St. Augustine tells us that "prayer is the soul's breathing." Two fundamental aspects emerge from this image: First, prayer, like breathing, is extremely natural to the human person; second, those who cease to breathe automatically die. In a word, prayer is both natural and indispensable. Let us begin by analyzing the first characteristic, "natural." When Teresa of Avila affirms "that souls who do not practice prayer are like people with paralyzed or crippled bodies; even though they have hands and feet they cannot give orders to these hands and feet,"(9) she attests to the "natural" reality of prayer. Thus, if a healthy person would not dream of saying that breathing is difficult, impossible, or boring, how can one be justified in saying, "I cannot pray" or "Prayer is difficult"? If it were true [if breathing were difficult], the person would be sick. It is the same with prayer. To admit that it is difficult to pray, or that prayer is difficult or tiresome, is to reveal a suffering soul. Just as breathing is a perfectly natural function of the body, so prayer is natural to a spiritually healthy soul. But how does one define a healthy soul? In a word that is both simple and clear: Love. Love has been defined in many ways. According to St. Thomas Aquinas, "To love is to want the happiness of others,"(10) or better still, "Is not making others happy the best happiness?"(11)

And this desire constitutes the greatest of all beatitudes; their happiness becomes ours, their misfortune our own. For such persons, the words "you" and "me" are one. According to the Buddhist maxim, "it is singing in tune with the other's melody." "No one has greater love than this, to lay down one's life for one's friends" (Jn 15:13). Love knows only how to love and thinks only of giving itself. "Those who want to save their lives will lose them, and those who lose their lives for my sake will find them" (Mt 16:25). From a heart capable of loving that much, prayer flows spontaneously. Even in ordinary everyday greetings such as "Good health!" "Good luck!" and "Safe trip!" one finds expression of this desire for the welfare of others.
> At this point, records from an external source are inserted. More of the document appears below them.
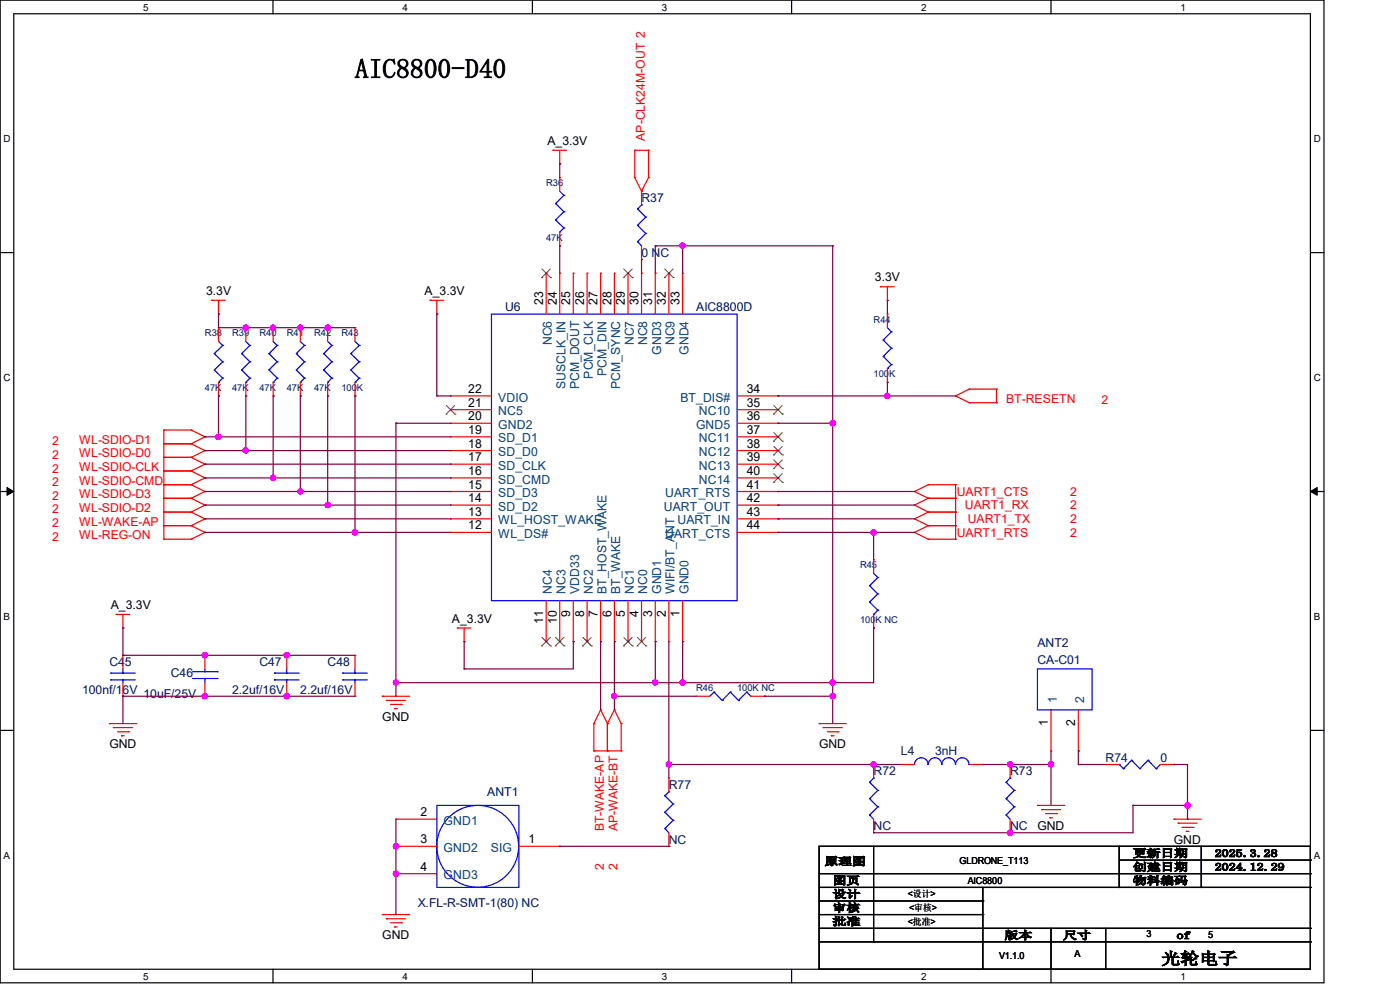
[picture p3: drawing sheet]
<svg xmlns="http://www.w3.org/2000/svg" width="297mm" height="210mm" viewBox="0 0 297 210" stroke-linecap="round" stroke-linejoin="round" font-family="sans-serif">
<path d="M0 0h280.9v208.5h-280.9zM2.9 2.9h275.1v202.7h-275.1z" fill="none" stroke="#000" stroke-width=".25"/>
<g fill="#fff">
<path d="M30.4 .3h1.1v2.4h-1.1z"/>
<path d="M30.4 205.9h1.1v2.3h-1.1z"/>
</g>
<path d="M57.9 0v2.9M57.9 205.6v2.9" fill="none" stroke="#000" stroke-width=".25"/>
<g fill="#fff">
<path d="M85.4 .3h1.1v2.4h-1.1z"/>
<path d="M85.4 205.9h1.1v2.3h-1.1z"/>
</g>
<path d="M112.9 0v2.9M112.9 205.6v2.9" fill="none" stroke="#000" stroke-width=".25"/>
<g fill="#fff">
<path d="M140.4 .3h1.2v2.4h-1.2z"/>
<path d="M140.4 205.9h1.2v2.3h-1.2z"/>
</g>
<path d="M167.9 0v2.9M167.9 205.6v2.9" fill="none" stroke="#000" stroke-width=".25"/>
<g fill="#fff">
<path d="M195.4 .3h1.2v2.4h-1.2z"/>
<path d="M195.4 205.9h1.2v2.3h-1.2z"/>
</g>
<path d="M223 0v2.9M223 205.6v2.9" fill="none" stroke="#000" stroke-width=".25"/>
<g fill="#fff">
<path d="M250.4 .3h1.2v2.4h-1.2z"/>
<path d="M250.4 205.9h1.2v2.3h-1.2z"/>
<path d="M.8 28.2h1.4v2.4h-1.4z"/>
<path d="M278.7 28.2h1.5v2.4h-1.5z"/>
<path d="M.8 78.9h1.4v2.3h-1.4z"/>
<path d="M278.7 78.9h1.5v2.3h-1.5z"/>
</g>
<path d="M0 53.6h2.9M278 53.6h2.9" fill="none" stroke="#000" stroke-width=".25"/>
<g fill="#fff">
<path d="M.8 129.6h1.3v2.3h-1.3z"/>
<path d="M278.7 129.6h1.4v2.3h-1.4z"/>
</g>
<path d="M0 104.3h2.9M278 104.3h2.9" fill="none" stroke="#000" stroke-width=".25"/>
<path d="M1.5 103.4l1.4 .9-1.4 .8zM278 104.3l1.4-.9v1.7z" fill="#000" stroke="#000" stroke-width=".21"/>
<g fill="#fff">
<path d="M.8 180.3h1.3v2.3h-1.3z"/>
<path d="M278.7 180.3h1.4v2.3h-1.4z"/>
</g>
<g fill="none" stroke="#000" stroke-width=".25">
<path d="M0 154.9h2.9M278 154.9h2.9M173.8 179.5h104.2v26.1h-104.2zM185.3 179.5v20.3M237.4 179.5v8.8M254.8 179.5v8.8M173.8 185.3h104.2M173.8 196.9h104.2M173.8 199.8h104.2M173.8 188.3h104.2M173.8 191.1h34.7M173.8 194h34.7"/>
<path d="M185.3 199.8h.1M208.5 191.1h.1M208.5 194h.1M208.5 188.3v17.3M223 196.9v8.7M234.6 196.9v8.7M237.4 188.3h.1M237.4 182.5h40.6M254.8 188.3h.1M278 185.3h.1M278 196.9h.1M278 199.8h.1"/>
<path d="M278 188.3h.1M278 182.5h.1M208.5 205.6h.1M223 205.6h.1M234.6 205.6h.1"/>
</g>
<g fill="none" stroke="#f00" stroke-width=".25">
<path d="M117.3 31.9h.1M117.3 31.9h2.9M118.7 34.8h.1M118.7 37.7h.1M118.7 31.9v2.9M118.7 37.7v2.9M134.7 37.7h.1M134.7 31.9h.1M134.7 31.9v5.8M134.7 37.7l1.4 2.9M134.7 31.9h2.9M137.6 37.7h.1"/>
<path d="M137.6 31.9h.1M137.6 37.7l-1.5 2.9M137.6 31.9v5.8M115.9 58h.1M115.9 58v8.6M118.7 58h.1M118.7 52.2h.1M118.7 49.2v3M118.7 58v8.6M121.6 58h.1M121.6 58v8.6M124.5 58h.1"/>
<path d="M124.5 58v8.6M127.4 58h.1M127.4 58v8.6M130.3 58h.1M130.3 58v8.6M133.2 58h.1M133.2 58v8.6M136.1 40.6h.1M136.1 58h.1M136.1 55h.1M136.1 40.6v2.9M136.1 52.2v2.8"/>
<path d="M136.1 58v8.6M139 58h.1M139 58v8.6M141.9 58h.1M141.9 58v8.6M144.8 58h.1M144.8 58v8.6M44.9 63.7h.1M44.9 63.7h2.9M46.4 66.6h.1M46.4 69.5h.1M46.4 63.7v2.9"/>
<path d="M46.4 69.5v2.9M52.2 69.5h.1M52.2 69.5v2.9M58 69.5h.1M58 69.5v2.9M63.7 69.5h.1M63.7 69.5v2.9M69.5 69.5h.1M69.5 69.5v2.9M75.3 69.5h.1M75.3 69.5v2.9M91.2 63.7h.1"/>
<path d="M91.2 63.7h2.9M92.7 66.6h.1M92.7 63.7v2.9M186.8 60.8h.1M186.8 60.8h2.9M188.3 63.7h.1M188.3 66.6h.1M188.3 60.8v2.9M188.3 66.6v2.9M188.3 78.2v2.9M34.8 97h.1M34.8 99.9h.1"/>
<path d="M34.8 94.1h.1M34.8 91.2h.1M34.8 99.9h5.8M34.8 97h5.8M34.8 91.2v23.2M34.8 94.1h5.8M34.8 91.2h5.8M40.6 99.9h.1M40.6 97h.1M40.6 94.1h.1M40.6 91.2h.1M40.6 97l2.9 1.5"/>
<path d="M40.6 94.1l2.9 1.5M40.6 91.2l2.9 1.5M40.6 99.9l2.9 1.5M43.5 98.5h.1M43.5 95.6h.1M43.5 92.7h.1M43.5 98.5l-2.9 1.4M43.5 95.6l-2.9 1.4M43.5 92.7l-2.9 1.4M46.4 84h.1M46.4 81.1v2.9M52.2 84h.1"/>
<path d="M52.2 81.1v2.9M58 84h.1M58 81.1v2.9M63.7 84h.1M63.7 81.1v2.9M69.5 84h.1M69.5 81.1v2.9M75.3 84h.1M75.3 81.1v2.9M95.6 98.5h.1M95.6 95.6h.1M95.6 92.7h.1"/>
<path d="M95.6 89.8h.1M95.6 86.9h.1M95.6 84h.1M95.6 98.5h8.7M95.6 95.6h8.7M95.6 92.7h8.7M95.6 89.8h8.7M95.6 86.9h8.7M95.6 84h8.7M156.4 98.5h8.7M156.4 95.6h8.7M156.4 92.7h8.7"/>
<path d="M156.4 89.8h8.7M156.4 86.9h8.7M156.4 84h8.7M165.1 84h.1M165.1 86.9h.1M165.1 89.8h.1M165.1 92.7h.1M165.1 95.6h.1M165.1 98.5h.1M188.3 81.1h.1M202.7 84h.1M202.7 84l2.9 1.4"/>
<path d="M205.6 85.4h.1M205.6 82.5h.1M205.6 85.4h5.8M205.6 82.5l-2.9 1.5M205.6 82.5h5.8M211.4 82.5h.1M211.4 85.4h.1M211.4 82.5v2.9M34.8 105.7h.1M34.8 108.6h.1M34.8 102.8h.1M34.8 111.5h.1"/>
<path d="M34.8 114.4h.1M34.8 108.6h5.8M34.8 105.7h5.8M34.8 102.8h5.8M34.8 114.4h5.8M34.8 111.5h5.8M40.6 108.6h.1M40.6 105.7h.1M40.6 102.8h.1M40.6 114.4h.1M40.6 111.5h.1M40.6 105.7l2.9 1.4"/>
<path d="M40.6 102.8l2.9 1.5M40.6 111.5l2.9 1.4M40.6 108.6l2.9 1.5M43.5 107.1h.1M43.5 104.3h.1M43.5 101.4h.1M43.5 112.9h.1M43.5 110.1h.1M43.5 107.1l-2.9 1.5M43.5 104.3l-2.9 1.4M43.5 101.4l-2.9 1.4M43.5 112.9l-2.9 1.5"/>
<path d="M43.5 110.1l-2.9 1.4M95.6 112.9h.1M95.6 110.1h.1M95.6 107.1h.1M95.6 104.3h.1M95.6 101.4h.1M95.6 112.9h8.7M95.6 110.1h8.7M95.6 107.1h8.7M95.6 104.3h8.7M95.6 101.4h8.7M156.4 112.9h8.7"/>
<path d="M156.4 110.1h8.7M156.4 107.1h8.7M156.4 104.3h8.7M156.4 101.4h8.7M165.1 101.4h.1M165.1 104.3h.1M165.1 107.1h.1M165.1 110.1h.1M165.1 112.9h.1M185.3 118.7h.1M185.3 118.7v2.9M194 107.1h.1"/>
<path d="M194 110.1h.1M194 104.3h.1M194 112.9h.1M194 107.1l2.9 1.5M194 110.1l2.9 1.4M194 104.3l2.9 1.4M194 112.9l2.9 1.5M196.9 105.7h.1M196.9 108.6h.1M196.9 111.5h.1M196.9 102.8h.1M196.9 114.4h.1"/>
<path d="M196.9 108.6h5.8M196.9 105.7h5.8M196.9 102.8h5.8M196.9 114.4h5.8M196.9 111.5h5.8M196.9 105.7l-2.9 1.4M196.9 108.6l-2.9 1.5M196.9 102.8l-2.9 1.5M196.9 111.5l-2.9 1.4M202.7 108.6h.1M202.7 105.7h.1M202.7 111.5h.1"/>
<path d="M202.7 102.8h.1M202.7 114.4h.1M202.7 102.8v11.6M24.6 130.3h.1M24.6 130.3h2.9M26.1 133.2h.1M26.1 139h.1M26.1 130.3v2.9M26.1 139v2.9M43.5 139h.1M43.5 139v2.9M60.8 139h.1"/>
<path d="M60.8 139v2.9M75.3 139h.1M75.3 139v2.9M97 133.2h.1M97 133.2h2.9M98.5 136.1h.1M98.5 133.2v2.9M115.9 136.1h.1M115.9 127.4v8.7M118.7 136.1h.1M118.7 127.4v8.7M121.6 136.1h.1"/>
<path d="M121.6 127.4v8.7M124.5 136.1h.1M124.5 127.4v8.7M127.4 136.1h.1M127.4 127.4v8.7M130.3 136.1h.1M130.3 127.4v8.7M133.2 136.1h.1M133.2 127.4v8.7M136.1 136.1h.1M136.1 127.4v8.7M139 136.1h.1"/>
<path d="M139 127.4v8.7M141.9 136.1h.1M141.9 127.4v8.7M144.8 136.1h.1M144.8 127.4v8.7M185.3 133.2h.1M185.3 130.3v2.9M23.2 153.5h.1M23.2 153.5h5.8M24 154.3h.1M24 154.3h4.1M24.9 155.2h2.4"/>
<path d="M25.8 156.1h.1M25.8 156.1h.6M26.1 147.7h.1M26.1 144.8v2.9M27.3 155.2h.1M43.5 147.7h.1M43.5 144.8v2.9M60.8 147.7h.1M60.8 144.8v2.9M75.3 147.7h.1M75.3 144.8v2.9M81.1 147.7h.1"/>
<path d="M81.1 147.7h5.8M82 148.6h.1M82 148.6h4M82.8 149.4h2.4M83.7 150.3h.1M83.7 150.3h.6M85.2 149.4h.1M126 153.5h.1M126 159.3h.1M126 159.3h5.8M126 153.5v5.8M127.4 150.6h.1"/>
<path d="M127.4 150.6l-1.4 2.9M127.4 150.6l1.5 2.9M128.9 153.5h.1M128.9 159.3h.1M128.9 153.5v5.8M130.3 150.6h.1M130.3 150.6l-1.4 2.9M130.3 150.6l1.5 2.9M131.8 153.5h.1M131.8 159.3h.1M131.8 153.5v5.8M147.7 147.7h.1"/>
<path d="M147.7 147.7h2.9M159.3 147.7h2.9M162.2 147.7h.1M173.8 153.5h.1M173.8 153.5h5.7M174.6 154.3h.1M174.6 154.3h4.1M175.5 155.2h2.3M176.4 156.1h.1M176.4 156.1h.6M177.8 155.2h.1M223 159.3h.1"/>
<path d="M223 150.6v8.7M228.8 159.3h.1M228.8 150.6v8.7M84 173.8h.1M84 179.5h.1M84 173.8h8.7M84 179.5h8.7M110.1 179.5h8.6M118.7 179.5h.1M141.9 179.5h.1M141.9 165.1h.1M141.9 165.1v2.9"/>
<path d="M141.9 176.7v2.8M185.3 176.7h.1M185.3 162.2h.1M185.3 162.2v2.9M185.3 173.8v2.9M191.1 162.2h.1M191.1 162.2h2.9M205.6 162.2h2.9M208.5 162.2h.1M214.3 176.7h.1M214.3 162.2h.1M214.3 162.2v2.9"/>
<path d="M214.3 173.8v2.9M220.1 170.9h.1M220.1 170.9h5.8M221 171.7h.1M221 171.7h4M221.8 172.6h2.4M222.7 173.5h.1M222.7 173.5h.6M224.2 172.6h.1M234.6 162.2h.1M234.6 162.2h2.8M246.2 162.2h2.8"/>
<path d="M249 173.8h.1M249 162.2h.1M249 173.8h5.8M249.9 174.6h.1M249.9 174.6h4.1M250.8 175.5h2.3M251.7 176.4h.1M251.7 176.4h.5M253.1 175.5h.1M81.1 194h.1M81.1 194h5.8M82 194.9h.1"/>
<path d="M82 194.9h4M82.8 195.7h2.4M83.7 196.6h.1M83.7 196.6h.6M84 185.3h.1M84 185.3h8.7M85.2 195.7h.1"/>
</g>
<g fill="none" stroke="#00f" stroke-width=".25">
<path d="M117.9 43.2h.1M117.9 46.7h.1M117.9 43.2l1.7 1.7M117.9 46.7l1.7 1.7M118.7 49.2h.1M118.7 40.6l.9 .8M119.6 41.4h.1M119.6 44.9h.1M119.6 48.4h.1M119.6 41.4l-1.7 1.8M119.6 44.9l-1.7 1.8M119.6 48.4l-.9 .8"/>
<path d="M135.3 51.3h.1M135.3 47.8h.1M135.3 44.3h.1M135.3 51.3l.8 .9M135.3 47.8l1.7 1.7M135.3 44.3l1.7 1.8M136.1 43.5h.1M136.1 43.5l-.8 .8M137 49.5h.1M137 46.1h.1M137 49.5l-1.7 1.8M137 46.1l-1.7 1.7"/>
<path d="M45.5 75h.1M45.5 78.5h.1M45.5 75l1.7 1.8M45.5 78.5l1.7 1.7M46.4 72.4l.8 .9M47.2 73.3h.1M47.2 76.8h.1M47.2 73.3l-1.7 1.7M47.2 76.8l-1.7 1.7M51.3 75h.1M51.3 78.5h.1M51.3 75l1.7 1.8"/>
<path d="M51.3 78.5l1.7 1.7M52.2 72.4l.8 .9M53 73.3h.1M53 76.8h.1M53 73.3l-1.7 1.7M53 76.8l-1.7 1.7M57.1 75h.1M57.1 78.5h.1M57.1 75l1.7 1.8M57.1 78.5l1.7 1.7M58 72.4l.8 .9M58.8 73.3h.1"/>
<path d="M58.8 76.8h.1M58.8 73.3l-1.7 1.7M58.8 76.8l-1.7 1.7M62.9 75h.1M62.9 78.5h.1M62.9 75l1.7 1.8M62.9 78.5l1.7 1.7M63.7 72.4l.9 .9M64.6 73.3h.1M64.6 76.8h.1M64.6 73.3l-1.7 1.7M64.6 76.8l-1.7 1.7"/>
<path d="M68.7 75h.1M68.7 78.5h.1M68.7 75l1.7 1.8M68.7 78.5l1.7 1.7M69.5 72.4l.9 .9M70.4 73.3h.1M70.4 76.8h.1M70.4 73.3l-1.7 1.7M70.4 76.8l-1.7 1.7M74.4 75h.1M74.4 78.5h.1M74.4 75l1.8 1.8"/>
<path d="M74.4 78.5l1.8 1.7M75.3 72.4l.9 .9M76.2 73.3h.1M76.2 76.8h.1M76.2 73.3l-1.8 1.7M76.2 76.8l-1.8 1.7M104.3 66.6h52.1v60.8h-52.1zM187.4 72.1h.1M187.4 75.6h.1M187.4 72.1l1.7 1.8M187.4 75.6l1.7 1.7M188.3 78.2h.1"/>
<path d="M188.3 69.5l.8 .9M189.1 70.4h.1M189.1 73.9h.1M189.1 77.3h.1M189.1 70.4l-1.7 1.7M189.1 73.9l-1.7 1.7M189.1 77.3l-.8 .9M46.4 81.1h.1M47.2 80.2h.1M47.2 80.2l-.8 .9M52.2 81.1h.1M53 80.2h.1"/>
<path d="M53 80.2l-.8 .9M58 81.1h.1M58.8 80.2h.1M58.8 80.2l-.8 .9M63.7 81.1h.1M64.6 80.2h.1M64.6 80.2l-.9 .9M69.5 81.1h.1M70.4 80.2h.1M70.4 80.2l-.9 .9M75.3 81.1h.1M76.2 80.2h.1"/>
<path d="M76.2 80.2l-.9 .9M184.5 124.2h.1M184.5 127.7h.1M184.5 124.2l1.7 1.8M184.5 127.7l1.7 1.8M185.3 130.3h.1M185.3 121.6l.9 .9M186.2 122.5h.1M186.2 126h.1M186.2 129.5h.1M186.2 122.5l-1.7 1.7M186.2 126l-1.7 1.7"/>
<path d="M186.2 129.5l-.9 .8M23.5 142.8h.1M23.5 144.2h.1M23.5 142.8h5.2M23.5 144.2h5.2M26.1 144.2h.1M26.1 142.8h.1M26.1 141.9v.9M26.1 144.2v.6M40.9 143.9h5.2M40.9 142.5h5.2M43.5 142.5h.1"/>
<path d="M43.5 143.9h.1M43.5 141.9v.6M43.5 143.9v.9M46.1 143.9h.1M46.1 142.5h.1M58.2 142.8h.1M58.2 144.2h.1M58.2 142.8h5.3M58.2 144.2h5.3M60.8 144.2h.1M60.8 142.8h.1M60.8 141.9v.9"/>
<path d="M60.8 144.2v.6M72.7 142.8h.1M72.7 144.2h.1M72.7 142.8h5.2M72.7 144.2h5.2M75.3 144.2h.1M75.3 142.8h.1M75.3 141.9v.9M75.3 144.2v.6M151.5 146.8h.1M151.5 146.8l-.9 .9M151.5 146.8l1.7 1.8"/>
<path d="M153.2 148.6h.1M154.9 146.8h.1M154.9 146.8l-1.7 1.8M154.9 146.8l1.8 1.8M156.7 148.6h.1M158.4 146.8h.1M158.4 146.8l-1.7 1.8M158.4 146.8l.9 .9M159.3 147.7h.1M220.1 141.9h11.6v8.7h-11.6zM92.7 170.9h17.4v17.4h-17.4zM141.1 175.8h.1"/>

When natural catastrophes occur, people in that country observe together a minute of silence for the blessed repose of the dead victims. In such tragic moments there is not the least doubt that even atheistic Communists or those who live without regard either for God or for Buddha pray in their own way for the happiness of others. According to a Latin maxim, Anima potius est ubi amat quam ubi animat, that is, the soul is more fully present where it loves than where it simply lives [i.e., the body]. In other words, true life is love. For human beings, to live is to love; not to love is to die. In Japanese, "to die" is nakunaru, which means literally "not to be" or "to cease to exist." Our only reason for existing is to love. Not to love is to lead a life of suffering worse than death. St. Augustine expresses this very precisely when he defines the pain of the damned as "self- contradiction" (contradictio sui ipsius). It is said that among the mentally ill, some break glass and then cut themselves with the broken pieces, leaving themselves covered with blood. "Night and day among the tombs and on the mountains he was always howling and bruising himself with stones" (Mk 5:5). When we detest or despise others, do we not feel the pain of being in tragic contradiction with ourselves? This pain is death; it is hell, for hell does not exist only after death. On the contrary, it is the hell we experience during our lifetime that reveals its true nature.

Prayer is the breath, the warmth of love; hell, the frozen loveless place of suffering. From this we understand that prayer is absolutely indispensable; without it we cannot love, and without love we can only pretend to pray, for prayer and love are inseparable. True prayer consists neither in the number of words nor in the length of time we spend in meditation. If we wish to know whether our prayer is authentic, let us first examine our love for our neighbor. Is it not rather fickle?